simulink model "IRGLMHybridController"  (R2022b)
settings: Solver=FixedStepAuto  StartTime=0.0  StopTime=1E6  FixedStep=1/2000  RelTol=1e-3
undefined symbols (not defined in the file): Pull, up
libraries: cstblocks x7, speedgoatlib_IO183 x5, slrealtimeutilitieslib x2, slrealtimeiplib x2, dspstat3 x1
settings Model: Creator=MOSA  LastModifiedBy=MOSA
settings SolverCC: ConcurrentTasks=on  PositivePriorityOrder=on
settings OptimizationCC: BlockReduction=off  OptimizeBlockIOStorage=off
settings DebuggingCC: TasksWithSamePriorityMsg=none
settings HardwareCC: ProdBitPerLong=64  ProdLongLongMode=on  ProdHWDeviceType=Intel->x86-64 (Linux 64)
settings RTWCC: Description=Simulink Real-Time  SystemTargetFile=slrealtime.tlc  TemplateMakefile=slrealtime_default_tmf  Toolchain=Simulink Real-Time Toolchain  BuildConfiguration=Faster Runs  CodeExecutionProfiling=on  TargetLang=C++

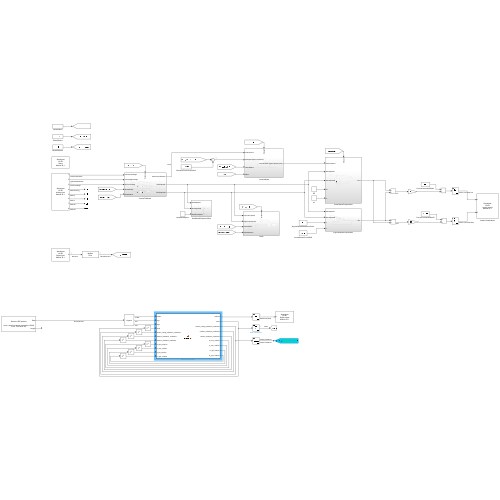
[thumbnail: Simulink's stored preview of the top-level diagram]
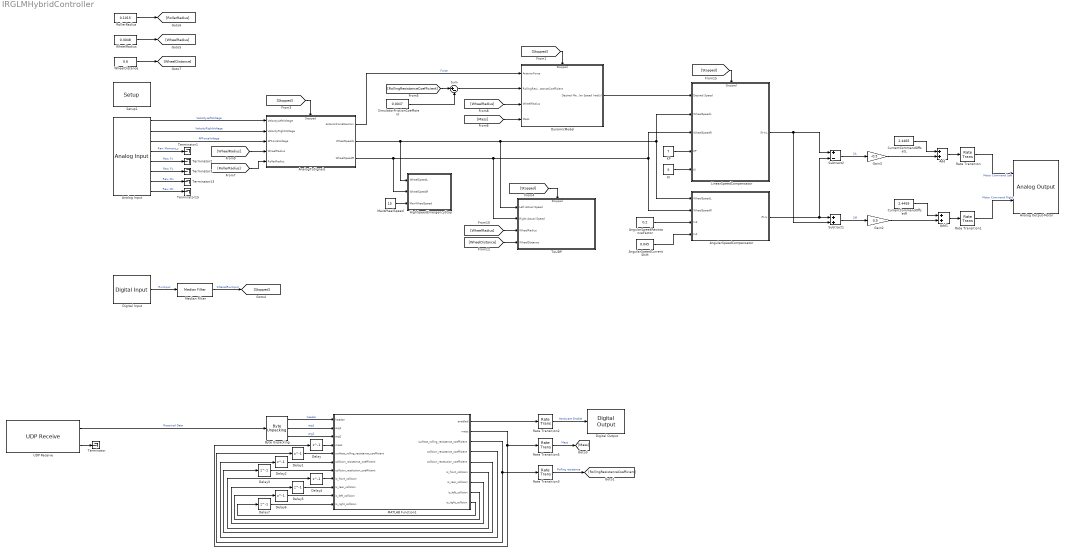
== system IRGLMHybridController ==
  Add : Sum
  Add1 : Sum
  Analog Input : speedgoatlib_IO183/Analog Input  Priority=0  parModuleId=1  parSampTime=1/2000  parPciSlot=-1  parAdChannelLow=1  parAdChannelHigh=8
      settings: SourceProductName=Simulink Real-Time: Speedgoat I/O Blockset
  Analog Output-Motor : speedgoatlib_IO183/Analog Output  parModuleId=1  parSampTime=-1  parDaSimult=on  parPciSlot=-1  parDaChannels=[1 2]  parDaInit=[0 0 0 0]  parDaReset=[1 1 1 1]
      settings: SourceProductName=Simulink Real-Time: Speedgoat I/O Blockset
  AnalogToSignals : Subsystem
      settings: PortSchema="{\"entries\":[{\"content\":{\"sides\":[{\"content\":{\"connectorIds\":[\"In1\",\"In2\",\"In3\",\"In4\",\"In5\"]},\"type\":\"ConnectorPlacement.EquallySpacedRectSide\",\"uuid\":\"33d34f65-8288-4f26-a259-c6a495dc8706\"},{\"content\":{\"connectorIds\":[\"Out1\",\"Out2\",\"Out3\"],\"side\":\"RIGHT\"},\"type\":\"ConnectorPlacement.EquallySpacedRectSide\",\"uuid\":\"464c1a73-e25a-412b-b070-c0497a01c93b\"},{\"content\":{\"connectorIds\":[\"In6\"],\"side\":\"TOP\"},\"type\":\"ConnectorPlacement.EquallySpacedRectSide\",\"uuid\":\"eb57de37-2540-4fa6-8c21-04ed7dfe5e59\"}]},\"type\":\"ConnectorPlacement.EquallySpacedConnector\",\"uuid\":\"7b998d75-753a-4c6e-bb60-3204e0b4afb9\"}],\"packageUris\":[\"http://schema.mathworks.com/mf0/Connector/R2020b\"],\"version\":\"1.0\"}"
  AngularSpeedCompensator : Subsystem
  AngularSpeedCurrentShift : Constant  Value=0.045
  AngularSpeedResistanceFactor : Constant  Value=0.2
  Byte Unpacking : slrealtimeutilitieslib/Byte Unpacking  MaskUnpackedDataTypes={['uint32'],['double'],['double']}  MaskUnpackedDataSizes={[1] [1] [1]}  MaskAlignment=4
  CurrentCommandOffsetL : Constant  Value=2.4465
  CurrentCommandOffsetR : Constant  Value=2.4459
  Delay{,1..7} (8 alike) : Delay  DelayLength=1  InitialCondition=0
  Digital Input : speedgoatlib_IO183/Digital Input  parModuleId=1  parSampTime=1/2000  parPciSlot=-1  parDiChannels=2
      settings: SourceProductName=Simulink Real-Time: Speedgoat I/O Blockset
  Digital Output : speedgoatlib_IO183/Digital Output  parModuleId=1  parSampTime=-1  parPciSlot=-1  parDoChannels=1  parDoInit=0  parDoReset=1
      settings: SourceProductName=Simulink Real-Time: Speedgoat I/O Blockset
  DynamicModel : Subsystem
      settings: PortSchema="{\"entries\":[{\"content\":{\"sides\":[{\"content\":{\"connectorIds\":[\"In1\",\"In2\",\"In3\",\"In4\"]},\"type\":\"ConnectorPlacement.EquallySpacedRectSide\",\"uuid\":\"698b5f1b-e41d-47ec-8a78-8e111d48540c\"},{\"content\":{\"connectorIds\":[\"Out1\"],\"side\":\"RIGHT\"},\"type\":\"ConnectorPlacement.EquallySpacedRectSide\",\"uuid\":\"a52a2d34-ec8e-4f9e-8684-ea9d86dd283b\"},{\"content\":{\"connectorIds\":[\"In5\"],\"side\":\"TOP\"},\"type\":\"ConnectorPlacement.EquallySpacedRectSide\",\"uuid\":\"faf14a61-efdc-45c6-85a8-2f82d0ccb291\"}]},\"type\":\"ConnectorPlacement.EquallySpacedConnector\",\"uuid\":\"7a7495df-049f-4dbe-8bcc-a94b4d420872\"}],\"packageUris\":[\"http://schema.mathworks.com/mf0/Connector/R2020b\"],\"version\":\"1.0\"}"
  Gain2 : Gain  Gain=0.5
  Gain3 : Gain  Gain=-0.5
  HighSpeedEmergencyStop : Subsystem
  KI : Constant  Value=5
  KP : Constant  Value=7
  LinearSpeedCompensator : Subsystem
      settings: PortSchema="{\"entries\":[{\"content\":{\"sides\":[{\"content\":{\"connectorIds\":[\"In1\",\"In2\",\"In3\",\"In4\",\"In5\"]},\"type\":\"ConnectorPlacement.EquallySpacedRectSide\",\"uuid\":\"9b7edc03-5e72-48f4-bed7-21920e73c297\"},{\"content\":{\"connectorIds\":[\"Out1\"],\"side\":\"RIGHT\"},\"type\":\"ConnectorPlacement.EquallySpacedRectSide\",\"uuid\":\"1856f1b7-fc85-471c-9138-bfce3ff137ef\"},{\"content\":{\"connectorIds\":[\"In6\"],\"side\":\"TOP\"},\"type\":\"ConnectorPlacement.EquallySpacedRectSide\",\"uuid\":\"701dcd4a-e839-44a9-b16d-b7c230713f8d\"}]},\"type\":\"ConnectorPlacement.EquallySpacedConnector\",\"uuid\":\"564dc47d-1095-4697-b7b0-537dc9d65b40\"}],\"packageUris\":[\"http://schema.mathworks.com/mf0/Connector/R2020b\"],\"version\":\"1.0\"}"
  MATLAB Function1 : MATLAB Function  TreatAsAtomicUnit=on
  MaxWheelSpeed : Constant  Value=15
  Median Filter : dspstat3/Median Filter  WindowLength=5  SimulateUsing=Interpreted execution
      settings: LibrarySourceBlock=|
      | dspfdesign/Median
      | Filter
  Rate Transition : RateTransition
  Rate Transition1 : RateTransition
  Rate Transition2 : RateTransition  OutPortSampleTime=1/2000
  Rate Transition3 : RateTransition  OutPortSampleTime=1/2000
  Rate Transition5 : RateTransition  OutPortSampleTime=1/2000
  RollerRadius : Constant  Value=0.1015
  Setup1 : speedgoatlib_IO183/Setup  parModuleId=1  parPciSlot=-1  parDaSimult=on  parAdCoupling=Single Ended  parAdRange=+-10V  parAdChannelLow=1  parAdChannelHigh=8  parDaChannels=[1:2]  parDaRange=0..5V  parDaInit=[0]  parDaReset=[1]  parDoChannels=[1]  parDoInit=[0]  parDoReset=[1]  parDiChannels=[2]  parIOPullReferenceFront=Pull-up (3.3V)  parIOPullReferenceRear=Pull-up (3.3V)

Activity >> Using the listing above, show every line that includes the string "IRGLMHybridController".

Answer to this exercise >>
simulink model "IRGLMHybridController"  (R2022b)
== system IRGLMHybridController ==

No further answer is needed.